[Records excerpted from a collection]

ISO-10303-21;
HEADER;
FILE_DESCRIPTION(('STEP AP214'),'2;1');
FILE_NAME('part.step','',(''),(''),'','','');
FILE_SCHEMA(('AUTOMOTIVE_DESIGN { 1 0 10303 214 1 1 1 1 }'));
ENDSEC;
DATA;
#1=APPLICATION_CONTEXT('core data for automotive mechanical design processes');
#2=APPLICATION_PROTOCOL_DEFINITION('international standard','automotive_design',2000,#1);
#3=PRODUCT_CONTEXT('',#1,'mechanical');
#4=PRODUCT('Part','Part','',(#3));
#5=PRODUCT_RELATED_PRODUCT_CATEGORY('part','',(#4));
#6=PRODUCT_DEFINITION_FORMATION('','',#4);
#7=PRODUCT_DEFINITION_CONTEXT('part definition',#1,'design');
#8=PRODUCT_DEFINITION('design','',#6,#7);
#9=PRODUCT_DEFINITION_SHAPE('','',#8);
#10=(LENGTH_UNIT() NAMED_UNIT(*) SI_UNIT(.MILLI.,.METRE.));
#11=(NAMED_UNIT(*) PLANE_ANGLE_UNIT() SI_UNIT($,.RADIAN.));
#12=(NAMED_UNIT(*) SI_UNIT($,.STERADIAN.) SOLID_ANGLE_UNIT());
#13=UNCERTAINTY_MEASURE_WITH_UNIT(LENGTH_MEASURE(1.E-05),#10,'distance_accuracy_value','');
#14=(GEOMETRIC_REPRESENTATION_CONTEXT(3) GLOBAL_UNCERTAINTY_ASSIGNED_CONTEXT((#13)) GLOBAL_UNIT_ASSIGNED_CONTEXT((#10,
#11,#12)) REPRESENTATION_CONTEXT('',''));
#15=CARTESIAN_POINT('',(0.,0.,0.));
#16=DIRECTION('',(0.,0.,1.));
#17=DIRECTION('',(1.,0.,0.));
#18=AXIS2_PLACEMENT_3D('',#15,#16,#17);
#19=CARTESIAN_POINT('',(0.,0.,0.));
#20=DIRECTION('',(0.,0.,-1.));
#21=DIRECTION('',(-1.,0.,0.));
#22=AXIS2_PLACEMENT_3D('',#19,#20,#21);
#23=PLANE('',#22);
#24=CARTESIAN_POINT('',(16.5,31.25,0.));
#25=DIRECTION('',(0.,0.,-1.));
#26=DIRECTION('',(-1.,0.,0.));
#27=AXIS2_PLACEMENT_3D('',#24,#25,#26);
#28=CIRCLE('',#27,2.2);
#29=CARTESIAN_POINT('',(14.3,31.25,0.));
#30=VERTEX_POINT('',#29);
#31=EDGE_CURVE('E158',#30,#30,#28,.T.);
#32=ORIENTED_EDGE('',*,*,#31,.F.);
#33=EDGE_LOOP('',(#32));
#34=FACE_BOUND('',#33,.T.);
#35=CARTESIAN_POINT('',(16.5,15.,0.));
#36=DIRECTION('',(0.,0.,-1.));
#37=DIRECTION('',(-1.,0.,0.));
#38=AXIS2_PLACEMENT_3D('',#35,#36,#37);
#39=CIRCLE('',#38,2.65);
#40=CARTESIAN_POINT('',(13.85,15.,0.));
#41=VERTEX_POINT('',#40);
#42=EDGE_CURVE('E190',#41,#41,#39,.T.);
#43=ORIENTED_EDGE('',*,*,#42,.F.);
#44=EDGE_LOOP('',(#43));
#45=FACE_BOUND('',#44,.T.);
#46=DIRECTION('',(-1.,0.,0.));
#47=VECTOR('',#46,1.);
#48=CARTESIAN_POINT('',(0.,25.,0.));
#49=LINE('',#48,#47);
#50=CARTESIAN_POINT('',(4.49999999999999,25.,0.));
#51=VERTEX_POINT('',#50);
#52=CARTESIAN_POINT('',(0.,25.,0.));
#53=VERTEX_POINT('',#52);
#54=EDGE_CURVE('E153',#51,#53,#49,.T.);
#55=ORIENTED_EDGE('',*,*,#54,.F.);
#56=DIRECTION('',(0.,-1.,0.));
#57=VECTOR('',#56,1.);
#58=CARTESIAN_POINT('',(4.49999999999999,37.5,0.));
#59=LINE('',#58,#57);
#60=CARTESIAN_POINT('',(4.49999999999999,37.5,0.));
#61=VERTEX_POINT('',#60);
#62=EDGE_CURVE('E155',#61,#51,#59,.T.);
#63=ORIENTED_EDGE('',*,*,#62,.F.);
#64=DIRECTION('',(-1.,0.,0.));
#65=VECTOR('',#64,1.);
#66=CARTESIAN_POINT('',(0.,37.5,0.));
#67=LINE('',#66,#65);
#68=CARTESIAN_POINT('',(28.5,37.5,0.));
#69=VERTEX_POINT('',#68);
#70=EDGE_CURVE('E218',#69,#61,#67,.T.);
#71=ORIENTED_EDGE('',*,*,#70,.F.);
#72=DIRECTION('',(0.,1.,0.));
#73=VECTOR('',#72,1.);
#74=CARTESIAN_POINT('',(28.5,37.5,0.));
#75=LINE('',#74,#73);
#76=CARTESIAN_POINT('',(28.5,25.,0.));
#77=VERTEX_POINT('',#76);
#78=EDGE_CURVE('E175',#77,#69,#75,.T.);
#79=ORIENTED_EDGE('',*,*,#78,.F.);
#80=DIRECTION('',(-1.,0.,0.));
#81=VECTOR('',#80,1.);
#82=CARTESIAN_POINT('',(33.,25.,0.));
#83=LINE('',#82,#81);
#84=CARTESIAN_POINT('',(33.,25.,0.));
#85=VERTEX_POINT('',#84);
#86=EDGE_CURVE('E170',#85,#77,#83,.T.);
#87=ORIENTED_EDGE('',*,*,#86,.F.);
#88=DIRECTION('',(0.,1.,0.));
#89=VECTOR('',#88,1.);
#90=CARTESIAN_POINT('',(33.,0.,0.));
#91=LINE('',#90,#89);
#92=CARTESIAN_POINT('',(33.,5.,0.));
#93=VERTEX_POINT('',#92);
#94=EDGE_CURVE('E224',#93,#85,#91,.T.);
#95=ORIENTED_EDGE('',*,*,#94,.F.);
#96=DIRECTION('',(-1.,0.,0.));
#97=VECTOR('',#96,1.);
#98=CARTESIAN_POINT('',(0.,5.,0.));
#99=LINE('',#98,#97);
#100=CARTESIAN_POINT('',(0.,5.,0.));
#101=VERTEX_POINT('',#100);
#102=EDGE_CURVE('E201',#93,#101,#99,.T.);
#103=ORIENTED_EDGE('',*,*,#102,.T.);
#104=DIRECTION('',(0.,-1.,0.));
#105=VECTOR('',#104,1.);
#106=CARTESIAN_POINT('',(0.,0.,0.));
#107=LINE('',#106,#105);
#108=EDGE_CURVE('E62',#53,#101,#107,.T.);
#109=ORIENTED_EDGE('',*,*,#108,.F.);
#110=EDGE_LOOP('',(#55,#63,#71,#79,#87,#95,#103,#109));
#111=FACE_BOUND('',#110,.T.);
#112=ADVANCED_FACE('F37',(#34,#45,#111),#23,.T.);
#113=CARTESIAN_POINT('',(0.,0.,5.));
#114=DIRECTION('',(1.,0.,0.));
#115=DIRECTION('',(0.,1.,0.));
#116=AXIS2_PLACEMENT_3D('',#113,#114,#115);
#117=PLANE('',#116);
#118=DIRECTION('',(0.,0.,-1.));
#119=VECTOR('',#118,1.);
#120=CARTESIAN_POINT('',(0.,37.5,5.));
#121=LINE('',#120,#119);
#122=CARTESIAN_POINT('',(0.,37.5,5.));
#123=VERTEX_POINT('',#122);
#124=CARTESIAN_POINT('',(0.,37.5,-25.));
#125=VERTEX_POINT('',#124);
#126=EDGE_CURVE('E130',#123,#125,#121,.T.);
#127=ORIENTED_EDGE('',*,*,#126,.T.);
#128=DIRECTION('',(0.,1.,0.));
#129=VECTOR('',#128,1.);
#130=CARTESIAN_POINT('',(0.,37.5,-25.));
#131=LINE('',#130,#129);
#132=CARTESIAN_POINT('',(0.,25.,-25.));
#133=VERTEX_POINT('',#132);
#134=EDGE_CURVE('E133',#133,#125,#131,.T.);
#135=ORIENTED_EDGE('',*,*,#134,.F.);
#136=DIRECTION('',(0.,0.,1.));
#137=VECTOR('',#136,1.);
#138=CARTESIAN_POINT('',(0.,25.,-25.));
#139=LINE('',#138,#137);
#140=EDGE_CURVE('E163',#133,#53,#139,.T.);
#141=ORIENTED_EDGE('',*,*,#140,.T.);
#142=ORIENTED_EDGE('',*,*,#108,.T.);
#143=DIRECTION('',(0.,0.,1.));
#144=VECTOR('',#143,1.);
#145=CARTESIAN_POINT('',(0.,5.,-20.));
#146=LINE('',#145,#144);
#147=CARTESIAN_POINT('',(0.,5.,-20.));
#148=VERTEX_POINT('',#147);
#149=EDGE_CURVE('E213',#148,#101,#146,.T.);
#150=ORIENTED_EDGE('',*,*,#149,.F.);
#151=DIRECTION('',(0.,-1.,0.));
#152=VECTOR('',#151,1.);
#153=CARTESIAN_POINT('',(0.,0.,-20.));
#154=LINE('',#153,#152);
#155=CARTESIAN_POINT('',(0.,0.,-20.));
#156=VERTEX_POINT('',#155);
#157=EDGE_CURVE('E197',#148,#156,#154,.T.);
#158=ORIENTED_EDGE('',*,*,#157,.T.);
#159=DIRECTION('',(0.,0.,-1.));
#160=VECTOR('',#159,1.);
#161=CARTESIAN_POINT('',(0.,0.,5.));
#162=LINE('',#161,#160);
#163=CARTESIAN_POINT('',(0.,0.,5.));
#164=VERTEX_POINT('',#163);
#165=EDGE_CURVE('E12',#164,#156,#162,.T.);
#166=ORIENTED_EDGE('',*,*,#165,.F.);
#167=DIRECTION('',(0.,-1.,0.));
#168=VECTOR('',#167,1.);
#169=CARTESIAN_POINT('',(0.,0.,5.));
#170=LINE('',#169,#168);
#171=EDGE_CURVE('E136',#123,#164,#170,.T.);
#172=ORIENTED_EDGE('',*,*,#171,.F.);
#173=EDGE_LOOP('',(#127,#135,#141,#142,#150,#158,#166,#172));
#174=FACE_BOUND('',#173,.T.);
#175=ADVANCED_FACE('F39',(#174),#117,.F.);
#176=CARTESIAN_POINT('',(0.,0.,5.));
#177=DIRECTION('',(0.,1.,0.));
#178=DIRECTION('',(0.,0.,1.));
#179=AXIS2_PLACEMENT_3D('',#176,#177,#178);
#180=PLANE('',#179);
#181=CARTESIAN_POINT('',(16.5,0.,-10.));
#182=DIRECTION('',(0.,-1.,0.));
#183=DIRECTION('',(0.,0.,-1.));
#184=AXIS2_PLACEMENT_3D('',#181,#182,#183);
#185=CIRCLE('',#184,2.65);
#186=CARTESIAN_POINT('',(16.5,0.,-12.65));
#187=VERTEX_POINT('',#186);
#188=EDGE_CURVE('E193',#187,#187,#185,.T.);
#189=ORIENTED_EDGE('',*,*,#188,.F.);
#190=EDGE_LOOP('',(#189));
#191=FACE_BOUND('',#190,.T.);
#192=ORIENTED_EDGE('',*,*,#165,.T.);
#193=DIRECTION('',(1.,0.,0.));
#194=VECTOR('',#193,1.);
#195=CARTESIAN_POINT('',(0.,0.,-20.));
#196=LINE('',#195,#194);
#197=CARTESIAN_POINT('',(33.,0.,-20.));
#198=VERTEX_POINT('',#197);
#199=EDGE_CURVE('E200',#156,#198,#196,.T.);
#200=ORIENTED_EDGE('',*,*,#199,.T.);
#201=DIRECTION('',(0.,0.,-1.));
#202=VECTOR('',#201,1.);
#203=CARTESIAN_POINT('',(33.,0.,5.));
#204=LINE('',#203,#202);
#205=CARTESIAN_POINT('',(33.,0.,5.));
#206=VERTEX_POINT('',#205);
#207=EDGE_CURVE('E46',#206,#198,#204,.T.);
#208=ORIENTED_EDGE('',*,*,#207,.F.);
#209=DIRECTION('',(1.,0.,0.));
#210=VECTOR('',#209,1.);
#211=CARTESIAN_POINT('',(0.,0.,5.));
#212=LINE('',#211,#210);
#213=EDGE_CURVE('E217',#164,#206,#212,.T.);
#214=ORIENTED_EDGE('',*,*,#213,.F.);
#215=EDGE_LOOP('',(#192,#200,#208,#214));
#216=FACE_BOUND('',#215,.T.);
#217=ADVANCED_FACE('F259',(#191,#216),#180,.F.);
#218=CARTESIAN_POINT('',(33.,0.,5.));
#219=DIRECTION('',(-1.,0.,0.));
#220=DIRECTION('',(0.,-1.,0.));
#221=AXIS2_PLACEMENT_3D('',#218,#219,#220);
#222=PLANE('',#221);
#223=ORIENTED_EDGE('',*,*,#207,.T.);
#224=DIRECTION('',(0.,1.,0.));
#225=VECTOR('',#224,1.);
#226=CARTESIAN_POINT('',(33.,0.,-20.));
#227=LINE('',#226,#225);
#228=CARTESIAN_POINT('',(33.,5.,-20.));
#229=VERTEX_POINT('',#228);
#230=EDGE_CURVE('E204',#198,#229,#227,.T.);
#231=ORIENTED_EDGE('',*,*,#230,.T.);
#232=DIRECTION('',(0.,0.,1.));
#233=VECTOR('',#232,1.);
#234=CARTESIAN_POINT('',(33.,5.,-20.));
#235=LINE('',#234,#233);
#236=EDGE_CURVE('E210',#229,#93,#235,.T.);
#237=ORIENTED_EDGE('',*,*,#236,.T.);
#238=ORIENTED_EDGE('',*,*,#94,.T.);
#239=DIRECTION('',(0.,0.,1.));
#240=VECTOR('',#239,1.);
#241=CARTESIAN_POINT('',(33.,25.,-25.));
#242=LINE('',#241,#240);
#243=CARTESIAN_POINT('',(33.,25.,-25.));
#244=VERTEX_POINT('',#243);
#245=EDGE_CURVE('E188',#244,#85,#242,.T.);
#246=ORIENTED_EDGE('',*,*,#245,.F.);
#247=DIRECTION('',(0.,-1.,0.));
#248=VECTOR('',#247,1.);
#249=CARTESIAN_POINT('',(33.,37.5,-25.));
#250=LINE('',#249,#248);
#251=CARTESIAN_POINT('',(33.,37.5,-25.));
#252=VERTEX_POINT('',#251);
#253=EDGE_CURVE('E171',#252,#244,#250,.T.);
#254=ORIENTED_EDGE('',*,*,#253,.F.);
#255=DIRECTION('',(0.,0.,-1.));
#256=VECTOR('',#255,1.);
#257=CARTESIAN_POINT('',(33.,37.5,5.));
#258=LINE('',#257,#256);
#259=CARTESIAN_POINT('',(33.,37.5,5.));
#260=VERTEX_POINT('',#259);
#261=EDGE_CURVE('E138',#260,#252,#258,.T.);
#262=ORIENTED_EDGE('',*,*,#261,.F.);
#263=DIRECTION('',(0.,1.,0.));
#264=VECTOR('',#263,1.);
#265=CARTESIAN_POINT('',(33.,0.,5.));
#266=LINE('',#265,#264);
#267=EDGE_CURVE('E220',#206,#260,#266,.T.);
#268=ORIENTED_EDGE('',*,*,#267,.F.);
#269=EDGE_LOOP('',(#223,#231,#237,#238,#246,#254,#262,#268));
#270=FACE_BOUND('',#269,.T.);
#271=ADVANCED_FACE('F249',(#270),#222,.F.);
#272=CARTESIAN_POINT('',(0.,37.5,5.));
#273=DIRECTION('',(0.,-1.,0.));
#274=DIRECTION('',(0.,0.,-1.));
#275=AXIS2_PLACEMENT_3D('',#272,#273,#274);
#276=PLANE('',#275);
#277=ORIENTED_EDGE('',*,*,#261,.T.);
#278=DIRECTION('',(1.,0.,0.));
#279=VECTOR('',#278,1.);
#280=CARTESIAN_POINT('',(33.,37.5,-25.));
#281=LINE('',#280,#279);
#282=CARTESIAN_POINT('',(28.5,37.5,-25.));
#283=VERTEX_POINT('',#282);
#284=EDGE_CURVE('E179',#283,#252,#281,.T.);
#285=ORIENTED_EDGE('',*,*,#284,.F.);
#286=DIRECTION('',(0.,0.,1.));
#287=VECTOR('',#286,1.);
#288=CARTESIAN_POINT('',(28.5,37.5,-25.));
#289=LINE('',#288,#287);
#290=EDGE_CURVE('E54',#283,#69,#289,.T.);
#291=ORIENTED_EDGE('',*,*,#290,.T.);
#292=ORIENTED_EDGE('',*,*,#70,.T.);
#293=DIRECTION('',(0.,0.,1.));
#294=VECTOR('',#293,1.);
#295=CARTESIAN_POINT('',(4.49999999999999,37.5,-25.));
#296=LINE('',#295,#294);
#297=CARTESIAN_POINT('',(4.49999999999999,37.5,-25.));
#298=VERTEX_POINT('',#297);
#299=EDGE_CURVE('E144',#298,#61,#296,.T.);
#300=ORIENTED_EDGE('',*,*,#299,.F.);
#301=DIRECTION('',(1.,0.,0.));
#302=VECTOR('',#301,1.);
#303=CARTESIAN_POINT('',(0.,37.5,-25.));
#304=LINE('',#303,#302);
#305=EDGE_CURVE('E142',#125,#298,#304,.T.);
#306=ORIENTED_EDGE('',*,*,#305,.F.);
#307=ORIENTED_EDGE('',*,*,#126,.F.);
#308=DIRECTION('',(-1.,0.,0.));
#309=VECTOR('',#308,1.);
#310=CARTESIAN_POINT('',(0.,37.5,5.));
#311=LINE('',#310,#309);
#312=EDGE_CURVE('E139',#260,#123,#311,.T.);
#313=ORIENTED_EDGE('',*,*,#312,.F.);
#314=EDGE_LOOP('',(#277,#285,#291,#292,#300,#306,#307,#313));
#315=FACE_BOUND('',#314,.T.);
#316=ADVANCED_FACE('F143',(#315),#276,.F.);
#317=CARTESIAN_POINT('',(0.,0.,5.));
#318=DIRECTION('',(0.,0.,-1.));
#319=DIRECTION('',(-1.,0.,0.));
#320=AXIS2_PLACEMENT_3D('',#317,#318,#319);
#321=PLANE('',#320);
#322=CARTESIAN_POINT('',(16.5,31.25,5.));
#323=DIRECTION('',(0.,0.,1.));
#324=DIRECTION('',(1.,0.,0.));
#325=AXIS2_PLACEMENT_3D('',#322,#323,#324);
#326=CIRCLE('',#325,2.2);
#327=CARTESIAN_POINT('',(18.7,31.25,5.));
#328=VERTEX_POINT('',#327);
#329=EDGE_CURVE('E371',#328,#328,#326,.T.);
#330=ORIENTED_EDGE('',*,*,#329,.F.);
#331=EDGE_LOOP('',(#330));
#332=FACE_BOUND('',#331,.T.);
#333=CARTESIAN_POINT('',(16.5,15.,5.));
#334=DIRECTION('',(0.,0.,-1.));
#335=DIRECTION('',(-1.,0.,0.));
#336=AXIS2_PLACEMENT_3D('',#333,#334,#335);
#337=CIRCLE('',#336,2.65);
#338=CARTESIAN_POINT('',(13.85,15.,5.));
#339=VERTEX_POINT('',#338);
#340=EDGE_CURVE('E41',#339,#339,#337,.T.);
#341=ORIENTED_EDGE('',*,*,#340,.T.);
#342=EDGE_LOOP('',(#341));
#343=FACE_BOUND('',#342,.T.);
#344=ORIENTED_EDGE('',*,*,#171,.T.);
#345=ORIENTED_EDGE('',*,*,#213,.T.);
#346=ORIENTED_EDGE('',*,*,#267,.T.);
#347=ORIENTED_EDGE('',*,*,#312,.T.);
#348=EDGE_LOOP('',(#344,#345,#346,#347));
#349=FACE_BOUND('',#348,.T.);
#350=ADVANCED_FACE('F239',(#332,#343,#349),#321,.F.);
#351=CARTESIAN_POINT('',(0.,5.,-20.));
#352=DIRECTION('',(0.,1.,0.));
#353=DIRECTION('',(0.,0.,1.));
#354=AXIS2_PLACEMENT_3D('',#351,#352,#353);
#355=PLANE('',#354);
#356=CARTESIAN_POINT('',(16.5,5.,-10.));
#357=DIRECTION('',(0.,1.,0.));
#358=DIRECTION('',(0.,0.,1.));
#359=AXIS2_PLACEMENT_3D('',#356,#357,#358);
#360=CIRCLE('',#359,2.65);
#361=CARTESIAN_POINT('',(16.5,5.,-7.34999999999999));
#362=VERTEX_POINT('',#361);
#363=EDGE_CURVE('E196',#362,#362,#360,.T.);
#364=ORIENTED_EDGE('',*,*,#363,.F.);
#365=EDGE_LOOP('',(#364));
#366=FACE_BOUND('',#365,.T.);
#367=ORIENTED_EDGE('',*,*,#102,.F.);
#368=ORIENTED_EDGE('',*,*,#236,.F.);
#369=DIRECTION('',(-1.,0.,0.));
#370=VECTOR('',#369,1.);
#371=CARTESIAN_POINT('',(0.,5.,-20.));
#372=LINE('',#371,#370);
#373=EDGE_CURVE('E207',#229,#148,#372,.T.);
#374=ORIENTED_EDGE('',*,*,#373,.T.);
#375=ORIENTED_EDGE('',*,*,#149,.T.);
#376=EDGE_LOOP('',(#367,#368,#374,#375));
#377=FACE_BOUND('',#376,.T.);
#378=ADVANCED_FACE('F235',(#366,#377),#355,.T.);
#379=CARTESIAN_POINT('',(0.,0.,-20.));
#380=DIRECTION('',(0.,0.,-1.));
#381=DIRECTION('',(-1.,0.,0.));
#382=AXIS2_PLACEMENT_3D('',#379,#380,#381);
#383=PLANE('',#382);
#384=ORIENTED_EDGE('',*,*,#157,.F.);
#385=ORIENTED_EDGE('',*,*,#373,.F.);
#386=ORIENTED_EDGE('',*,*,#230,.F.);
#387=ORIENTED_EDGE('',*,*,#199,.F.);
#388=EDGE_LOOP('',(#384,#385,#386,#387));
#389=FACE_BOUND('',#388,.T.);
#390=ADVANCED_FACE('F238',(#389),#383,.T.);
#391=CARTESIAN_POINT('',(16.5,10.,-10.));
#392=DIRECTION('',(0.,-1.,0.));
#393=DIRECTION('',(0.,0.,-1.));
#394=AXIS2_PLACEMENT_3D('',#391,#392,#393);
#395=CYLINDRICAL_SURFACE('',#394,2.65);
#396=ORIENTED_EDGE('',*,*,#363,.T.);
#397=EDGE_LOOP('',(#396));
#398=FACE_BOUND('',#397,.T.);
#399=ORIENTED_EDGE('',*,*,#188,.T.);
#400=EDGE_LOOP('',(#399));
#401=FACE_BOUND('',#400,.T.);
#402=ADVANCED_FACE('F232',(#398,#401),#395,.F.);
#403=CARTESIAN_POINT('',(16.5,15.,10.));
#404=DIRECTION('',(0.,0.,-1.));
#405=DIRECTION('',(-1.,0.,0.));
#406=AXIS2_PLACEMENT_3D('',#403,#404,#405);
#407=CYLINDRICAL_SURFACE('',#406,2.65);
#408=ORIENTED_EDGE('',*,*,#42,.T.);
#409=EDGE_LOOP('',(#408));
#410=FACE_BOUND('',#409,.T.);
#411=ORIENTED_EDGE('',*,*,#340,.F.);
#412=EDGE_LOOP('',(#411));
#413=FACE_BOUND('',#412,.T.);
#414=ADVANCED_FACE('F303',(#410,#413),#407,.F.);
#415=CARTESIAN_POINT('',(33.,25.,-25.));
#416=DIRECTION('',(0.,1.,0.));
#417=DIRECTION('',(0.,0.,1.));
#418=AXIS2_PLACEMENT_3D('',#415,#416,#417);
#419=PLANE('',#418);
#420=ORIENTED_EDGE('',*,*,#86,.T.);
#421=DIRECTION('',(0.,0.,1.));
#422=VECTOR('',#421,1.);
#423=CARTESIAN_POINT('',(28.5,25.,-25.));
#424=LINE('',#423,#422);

#### Exercise aim
From the records above, copy only the lines starting with the line that holds "#90=CARTESIAN_POINT('',(33.,0.,0.));" and going on through the line that holds "#158=ORIENTED_EDGE('',*,*,#157,.T.);", exactly as written.

#### Expected answer
#90=CARTESIAN_POINT('',(33.,0.,0.));
#91=LINE('',#90,#89);
#92=CARTESIAN_POINT('',(33.,5.,0.));
#93=VERTEX_POINT('',#92);
#94=EDGE_CURVE('E224',#93,#85,#91,.T.);
#95=ORIENTED_EDGE('',*,*,#94,.F.);
#96=DIRECTION('',(-1.,0.,0.));
#97=VECTOR('',#96,1.);
#98=CARTESIAN_POINT('',(0.,5.,0.));
#99=LINE('',#98,#97);
#100=CARTESIAN_POINT('',(0.,5.,0.));
#101=VERTEX_POINT('',#100);
#102=EDGE_CURVE('E201',#93,#101,#99,.T.);
#103=ORIENTED_EDGE('',*,*,#102,.T.);
#104=DIRECTION('',(0.,-1.,0.));
#105=VECTOR('',#104,1.);
#106=CARTESIAN_POINT('',(0.,0.,0.));
#107=LINE('',#106,#105);
#108=EDGE_CURVE('E62',#53,#101,#107,.T.);
#109=ORIENTED_EDGE('',*,*,#108,.F.);
#110=EDGE_LOOP('',(#55,#63,#71,#79,#87,#95,#103,#109));
#111=FACE_BOUND('',#110,.T.);
#112=ADVANCED_FACE('F37',(#34,#45,#111),#23,.T.);
#113=CARTESIAN_POINT('',(0.,0.,5.));
#114=DIRECTION('',(1.,0.,0.));
#115=DIRECTION('',(0.,1.,0.));
#116=AXIS2_PLACEMENT_3D('',#113,#114,#115);
#117=PLANE('',#116);
#118=DIRECTION('',(0.,0.,-1.));
#119=VECTOR('',#118,1.);
#120=CARTESIAN_POINT('',(0.,37.5,5.));
#121=LINE('',#120,#119);
#122=CARTESIAN_POINT('',(0.,37.5,5.));
#123=VERTEX_POINT('',#122);
#124=CARTESIAN_POINT('',(0.,37.5,-25.));
#125=VERTEX_POINT('',#124);
#126=EDGE_CURVE('E130',#123,#125,#121,.T.);
#127=ORIENTED_EDGE('',*,*,#126,.T.);
#128=DIRECTION('',(0.,1.,0.));
#129=VECTOR('',#128,1.);
#130=CARTESIAN_POINT('',(0.,37.5,-25.));
#131=LINE('',#130,#129);
#132=CARTESIAN_POINT('',(0.,25.,-25.));
#133=VERTEX_POINT('',#132);
#134=EDGE_CURVE('E133',#133,#125,#131,.T.);
#135=ORIENTED_EDGE('',*,*,#134,.F.);
#136=DIRECTION('',(0.,0.,1.));
#137=VECTOR('',#136,1.);
#138=CARTESIAN_POINT('',(0.,25.,-25.));
#139=LINE('',#138,#137);
#140=EDGE_CURVE('E163',#133,#53,#139,.T.);
#141=ORIENTED_EDGE('',*,*,#140,.T.);
#142=ORIENTED_EDGE('',*,*,#108,.T.);
#143=DIRECTION('',(0.,0.,1.));
#144=VECTOR('',#143,1.);
#145=CARTESIAN_POINT('',(0.,5.,-20.));
#146=LINE('',#145,#144);
#147=CARTESIAN_POINT('',(0.,5.,-20.));
#148=VERTEX_POINT('',#147);
#149=EDGE_CURVE('E213',#148,#101,#146,.T.);
#150=ORIENTED_EDGE('',*,*,#149,.F.);
#151=DIRECTION('',(0.,-1.,0.));
#152=VECTOR('',#151,1.);
#153=CARTESIAN_POINT('',(0.,0.,-20.));
#154=LINE('',#153,#152);
#155=CARTESIAN_POINT('',(0.,0.,-20.));
#156=VERTEX_POINT('',#155);
#157=EDGE_CURVE('E197',#148,#156,#154,.T.);
#158=ORIENTED_EDGE('',*,*,#157,.T.);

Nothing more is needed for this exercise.